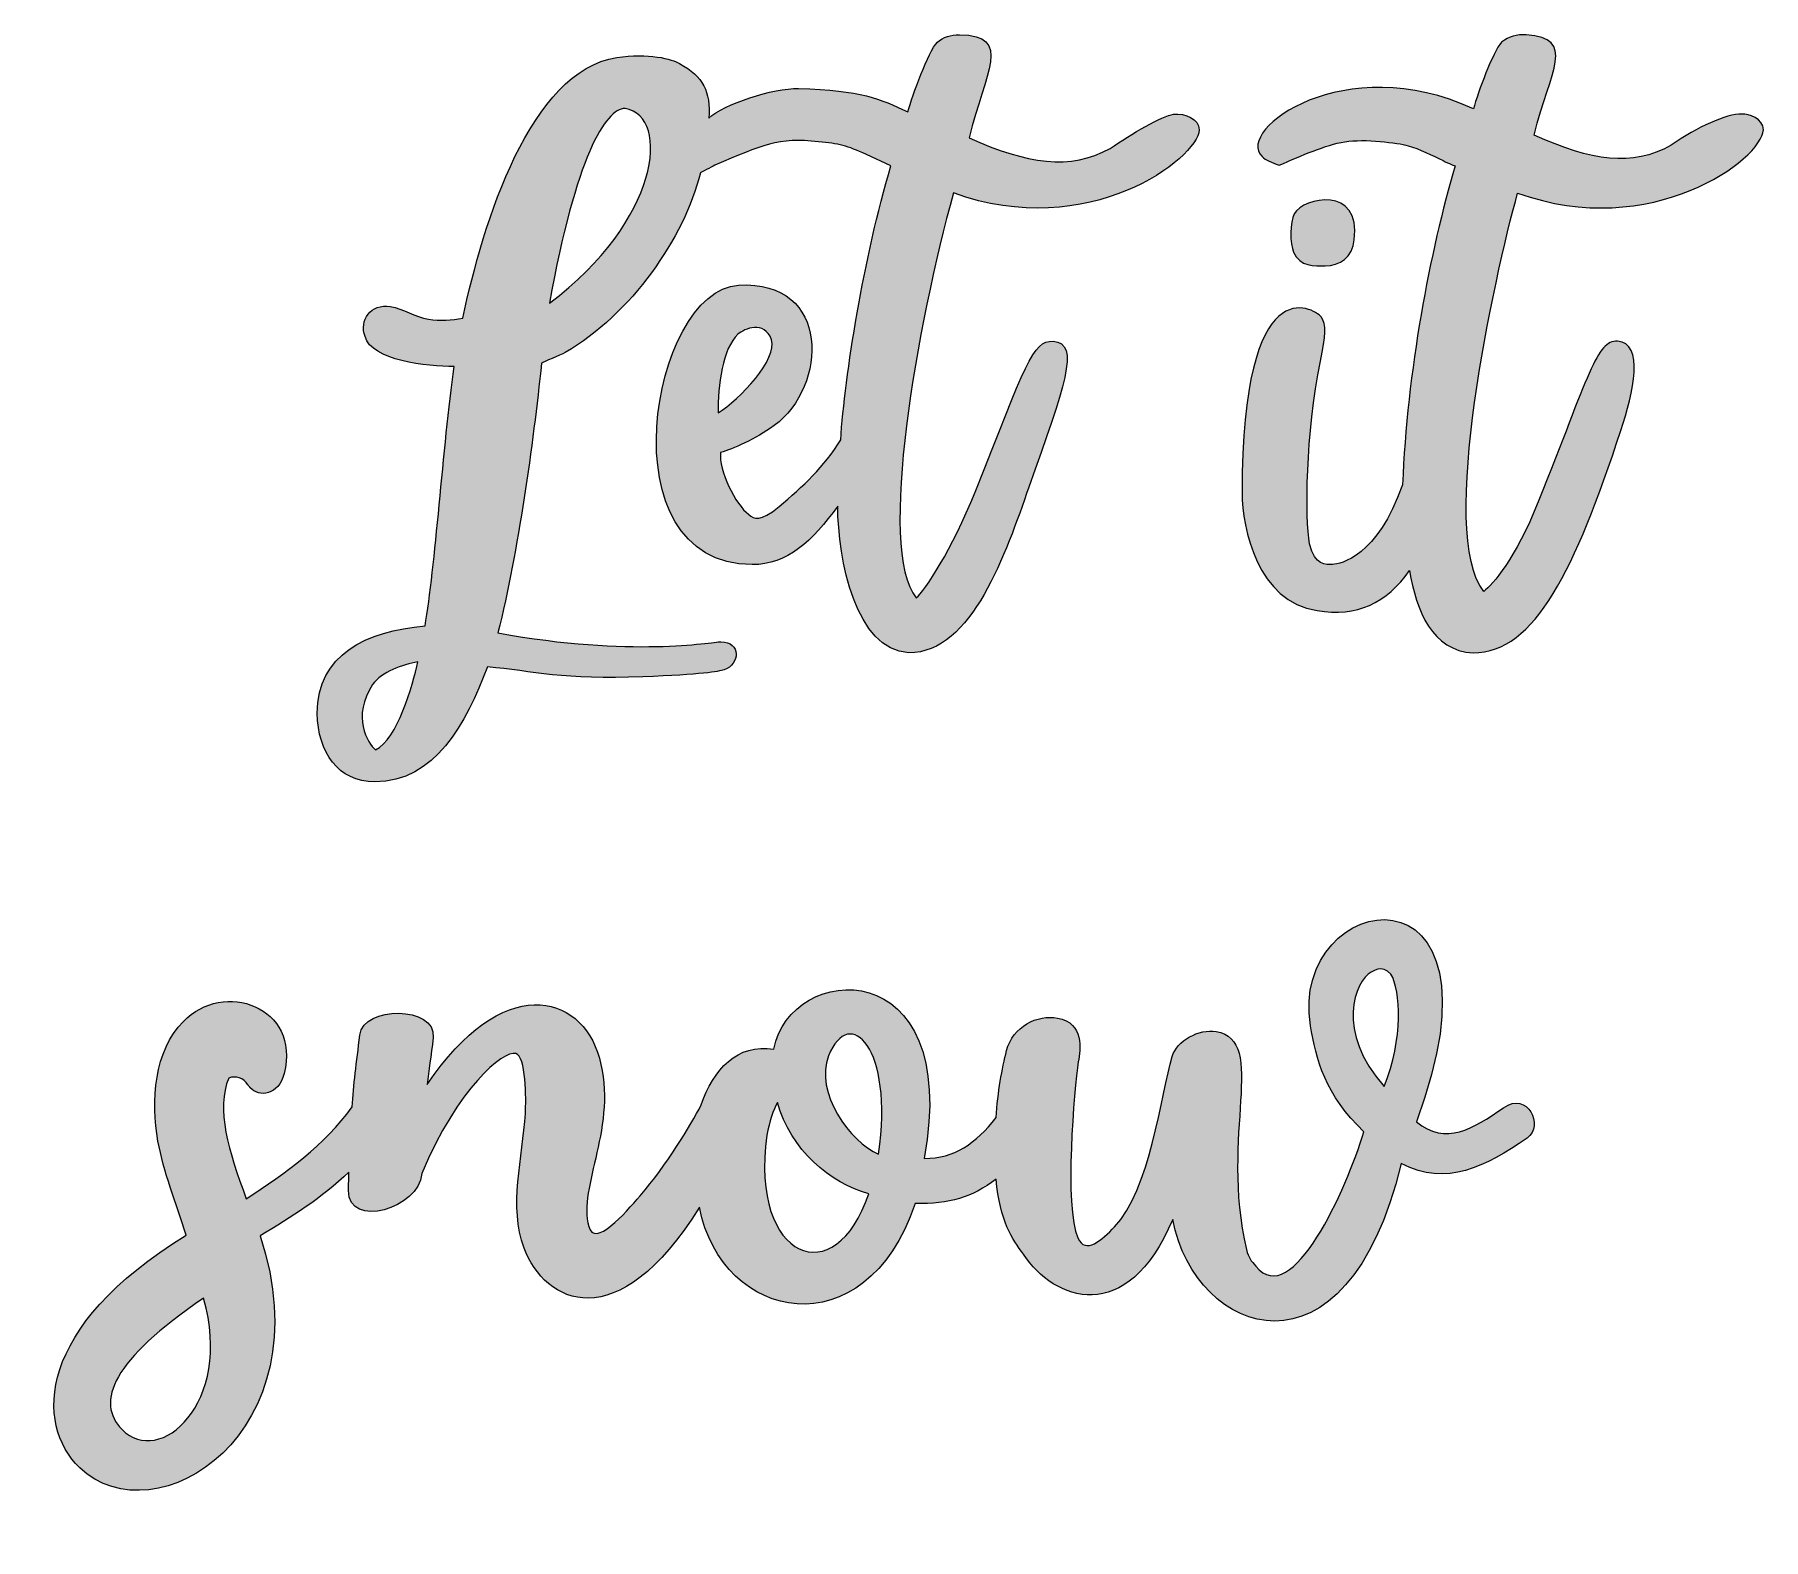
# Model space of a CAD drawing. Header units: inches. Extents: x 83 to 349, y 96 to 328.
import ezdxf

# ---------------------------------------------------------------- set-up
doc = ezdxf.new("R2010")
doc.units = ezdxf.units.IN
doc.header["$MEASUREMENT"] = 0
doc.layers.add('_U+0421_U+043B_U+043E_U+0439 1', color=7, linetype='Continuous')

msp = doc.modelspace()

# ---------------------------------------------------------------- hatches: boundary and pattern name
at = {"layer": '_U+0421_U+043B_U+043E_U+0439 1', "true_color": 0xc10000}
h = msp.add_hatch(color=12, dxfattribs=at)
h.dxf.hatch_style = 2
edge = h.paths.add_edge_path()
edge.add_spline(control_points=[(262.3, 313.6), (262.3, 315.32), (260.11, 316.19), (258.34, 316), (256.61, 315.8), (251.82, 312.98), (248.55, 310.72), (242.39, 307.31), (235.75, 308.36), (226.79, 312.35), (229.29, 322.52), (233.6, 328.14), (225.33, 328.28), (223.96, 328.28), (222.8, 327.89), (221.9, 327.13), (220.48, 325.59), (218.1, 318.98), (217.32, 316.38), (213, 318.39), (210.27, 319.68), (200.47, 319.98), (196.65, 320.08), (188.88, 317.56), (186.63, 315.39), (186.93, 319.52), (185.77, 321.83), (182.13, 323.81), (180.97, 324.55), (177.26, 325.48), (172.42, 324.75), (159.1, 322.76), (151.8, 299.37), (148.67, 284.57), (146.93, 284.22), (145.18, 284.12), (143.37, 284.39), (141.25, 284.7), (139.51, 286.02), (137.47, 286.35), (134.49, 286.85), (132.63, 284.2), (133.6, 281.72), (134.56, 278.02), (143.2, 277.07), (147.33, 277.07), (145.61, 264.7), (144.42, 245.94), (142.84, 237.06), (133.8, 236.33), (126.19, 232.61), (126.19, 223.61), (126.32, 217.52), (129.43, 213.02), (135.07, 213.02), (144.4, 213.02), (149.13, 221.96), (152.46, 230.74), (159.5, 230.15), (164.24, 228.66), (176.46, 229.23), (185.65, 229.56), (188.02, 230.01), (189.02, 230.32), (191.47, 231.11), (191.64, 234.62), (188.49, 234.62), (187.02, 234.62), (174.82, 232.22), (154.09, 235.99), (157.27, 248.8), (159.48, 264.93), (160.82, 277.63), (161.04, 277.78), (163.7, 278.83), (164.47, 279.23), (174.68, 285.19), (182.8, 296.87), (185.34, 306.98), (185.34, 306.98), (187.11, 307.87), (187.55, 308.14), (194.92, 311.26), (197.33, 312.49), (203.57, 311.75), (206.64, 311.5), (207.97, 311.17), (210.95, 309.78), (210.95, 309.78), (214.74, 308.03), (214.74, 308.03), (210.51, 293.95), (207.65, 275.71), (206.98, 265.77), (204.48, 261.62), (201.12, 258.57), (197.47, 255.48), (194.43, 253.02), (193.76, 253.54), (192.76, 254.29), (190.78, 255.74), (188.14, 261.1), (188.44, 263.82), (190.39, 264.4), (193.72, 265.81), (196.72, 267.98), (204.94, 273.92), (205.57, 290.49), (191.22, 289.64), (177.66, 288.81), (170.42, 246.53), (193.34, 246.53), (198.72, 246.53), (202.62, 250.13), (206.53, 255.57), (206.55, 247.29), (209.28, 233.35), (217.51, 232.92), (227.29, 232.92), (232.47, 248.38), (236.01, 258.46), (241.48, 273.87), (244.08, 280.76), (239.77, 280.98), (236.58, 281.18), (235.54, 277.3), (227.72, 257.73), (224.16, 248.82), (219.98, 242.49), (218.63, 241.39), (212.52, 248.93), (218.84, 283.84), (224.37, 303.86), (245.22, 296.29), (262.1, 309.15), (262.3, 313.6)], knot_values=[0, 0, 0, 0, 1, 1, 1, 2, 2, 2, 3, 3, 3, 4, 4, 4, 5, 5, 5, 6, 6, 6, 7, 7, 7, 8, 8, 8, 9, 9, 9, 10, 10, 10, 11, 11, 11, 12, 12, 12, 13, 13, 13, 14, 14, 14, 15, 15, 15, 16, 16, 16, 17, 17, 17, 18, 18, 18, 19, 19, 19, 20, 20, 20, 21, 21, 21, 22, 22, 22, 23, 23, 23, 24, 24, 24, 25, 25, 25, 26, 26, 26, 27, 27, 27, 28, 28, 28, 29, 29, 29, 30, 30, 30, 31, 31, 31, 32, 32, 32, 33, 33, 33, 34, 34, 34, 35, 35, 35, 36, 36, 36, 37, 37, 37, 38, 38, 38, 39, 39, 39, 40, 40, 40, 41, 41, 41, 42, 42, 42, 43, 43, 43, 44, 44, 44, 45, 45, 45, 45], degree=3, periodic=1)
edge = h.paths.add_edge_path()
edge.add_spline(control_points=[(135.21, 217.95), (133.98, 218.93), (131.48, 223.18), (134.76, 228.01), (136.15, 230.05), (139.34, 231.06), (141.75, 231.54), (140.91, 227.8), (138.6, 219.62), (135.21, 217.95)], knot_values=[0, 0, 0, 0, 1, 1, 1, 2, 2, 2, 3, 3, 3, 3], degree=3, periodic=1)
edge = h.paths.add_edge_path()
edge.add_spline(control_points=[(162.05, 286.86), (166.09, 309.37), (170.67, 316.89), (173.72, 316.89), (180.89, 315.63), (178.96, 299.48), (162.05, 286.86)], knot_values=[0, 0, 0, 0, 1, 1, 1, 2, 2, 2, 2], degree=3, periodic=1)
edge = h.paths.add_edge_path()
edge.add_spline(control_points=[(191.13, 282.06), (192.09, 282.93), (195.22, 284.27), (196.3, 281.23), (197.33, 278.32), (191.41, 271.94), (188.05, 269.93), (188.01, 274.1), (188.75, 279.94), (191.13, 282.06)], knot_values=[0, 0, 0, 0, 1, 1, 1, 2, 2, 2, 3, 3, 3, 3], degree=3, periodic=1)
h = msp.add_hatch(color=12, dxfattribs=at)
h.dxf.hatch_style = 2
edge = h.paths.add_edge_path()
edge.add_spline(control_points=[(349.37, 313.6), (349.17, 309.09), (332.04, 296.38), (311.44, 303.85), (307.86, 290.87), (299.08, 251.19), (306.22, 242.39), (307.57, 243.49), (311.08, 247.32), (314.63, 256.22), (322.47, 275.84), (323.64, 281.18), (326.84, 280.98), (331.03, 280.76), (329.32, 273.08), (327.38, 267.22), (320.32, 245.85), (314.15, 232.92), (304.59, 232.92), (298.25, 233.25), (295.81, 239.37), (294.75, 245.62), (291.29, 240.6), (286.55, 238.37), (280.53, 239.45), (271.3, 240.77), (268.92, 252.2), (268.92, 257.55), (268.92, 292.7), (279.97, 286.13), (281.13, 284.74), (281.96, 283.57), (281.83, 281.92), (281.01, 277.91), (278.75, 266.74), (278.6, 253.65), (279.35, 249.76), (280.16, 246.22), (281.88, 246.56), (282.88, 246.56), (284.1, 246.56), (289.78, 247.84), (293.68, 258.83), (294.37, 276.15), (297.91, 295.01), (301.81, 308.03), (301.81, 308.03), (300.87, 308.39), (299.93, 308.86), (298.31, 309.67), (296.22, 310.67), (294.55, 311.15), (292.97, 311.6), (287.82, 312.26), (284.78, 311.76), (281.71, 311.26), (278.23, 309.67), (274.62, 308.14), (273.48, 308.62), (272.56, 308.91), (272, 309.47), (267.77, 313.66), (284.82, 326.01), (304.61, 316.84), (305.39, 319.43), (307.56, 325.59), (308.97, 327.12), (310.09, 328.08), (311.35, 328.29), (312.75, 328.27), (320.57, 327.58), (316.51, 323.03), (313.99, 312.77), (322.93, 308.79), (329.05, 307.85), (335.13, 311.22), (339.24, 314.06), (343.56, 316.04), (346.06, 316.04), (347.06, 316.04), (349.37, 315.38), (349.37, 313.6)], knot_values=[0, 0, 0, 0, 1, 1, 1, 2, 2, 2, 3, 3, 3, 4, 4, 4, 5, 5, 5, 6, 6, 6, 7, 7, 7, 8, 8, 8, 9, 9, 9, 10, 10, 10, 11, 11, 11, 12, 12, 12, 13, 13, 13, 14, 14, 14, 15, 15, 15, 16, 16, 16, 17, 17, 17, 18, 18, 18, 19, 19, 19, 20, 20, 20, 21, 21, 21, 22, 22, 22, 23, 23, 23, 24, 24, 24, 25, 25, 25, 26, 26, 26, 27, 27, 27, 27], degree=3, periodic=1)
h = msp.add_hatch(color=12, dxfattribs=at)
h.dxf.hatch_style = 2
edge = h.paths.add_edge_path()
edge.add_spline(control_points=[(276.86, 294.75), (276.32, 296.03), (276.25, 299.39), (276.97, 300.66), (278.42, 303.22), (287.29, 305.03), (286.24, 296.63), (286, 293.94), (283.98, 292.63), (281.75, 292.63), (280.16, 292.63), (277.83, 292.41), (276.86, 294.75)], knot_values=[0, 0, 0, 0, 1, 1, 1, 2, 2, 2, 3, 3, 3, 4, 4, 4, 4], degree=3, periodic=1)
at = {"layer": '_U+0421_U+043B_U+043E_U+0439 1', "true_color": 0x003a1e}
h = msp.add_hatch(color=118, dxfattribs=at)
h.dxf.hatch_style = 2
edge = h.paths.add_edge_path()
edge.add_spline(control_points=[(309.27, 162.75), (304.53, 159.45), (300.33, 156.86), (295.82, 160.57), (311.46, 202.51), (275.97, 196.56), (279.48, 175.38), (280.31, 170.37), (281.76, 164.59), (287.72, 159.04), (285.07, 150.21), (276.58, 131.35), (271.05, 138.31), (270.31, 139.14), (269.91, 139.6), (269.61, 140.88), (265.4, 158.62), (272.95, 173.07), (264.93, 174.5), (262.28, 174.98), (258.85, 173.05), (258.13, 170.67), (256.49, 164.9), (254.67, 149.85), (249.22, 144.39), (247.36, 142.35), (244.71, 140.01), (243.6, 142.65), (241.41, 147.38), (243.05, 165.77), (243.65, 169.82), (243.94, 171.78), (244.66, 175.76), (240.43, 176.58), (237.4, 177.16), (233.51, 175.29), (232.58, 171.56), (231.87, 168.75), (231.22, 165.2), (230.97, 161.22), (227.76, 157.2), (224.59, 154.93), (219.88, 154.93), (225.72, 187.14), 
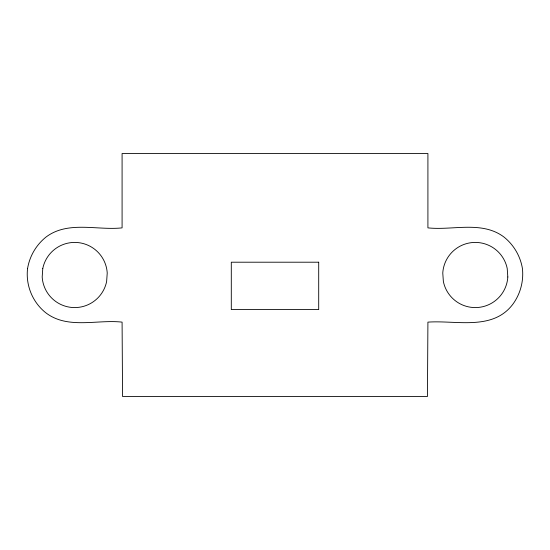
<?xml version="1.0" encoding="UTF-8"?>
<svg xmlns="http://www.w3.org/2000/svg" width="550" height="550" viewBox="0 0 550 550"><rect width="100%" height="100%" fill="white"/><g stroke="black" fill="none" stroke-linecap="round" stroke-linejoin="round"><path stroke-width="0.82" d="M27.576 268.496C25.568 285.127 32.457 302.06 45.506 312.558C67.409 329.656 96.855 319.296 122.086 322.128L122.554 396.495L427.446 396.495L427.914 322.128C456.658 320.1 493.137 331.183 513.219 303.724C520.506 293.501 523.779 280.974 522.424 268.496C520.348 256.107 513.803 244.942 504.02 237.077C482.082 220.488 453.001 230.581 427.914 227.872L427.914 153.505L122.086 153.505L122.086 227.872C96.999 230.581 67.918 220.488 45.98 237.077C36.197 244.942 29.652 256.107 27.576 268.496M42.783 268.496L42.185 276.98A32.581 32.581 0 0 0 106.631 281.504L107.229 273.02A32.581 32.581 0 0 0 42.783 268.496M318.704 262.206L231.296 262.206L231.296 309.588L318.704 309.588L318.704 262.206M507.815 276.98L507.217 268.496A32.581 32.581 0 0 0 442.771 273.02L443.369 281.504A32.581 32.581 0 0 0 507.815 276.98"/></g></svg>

# # #

The answer must be every line of the listing that holds the word "units".

**Final answer:**
# Model space of a CAD drawing. Header units: inches. Extents: x 83 to 349, y 96 to 328.
doc.units = ezdxf.units.IN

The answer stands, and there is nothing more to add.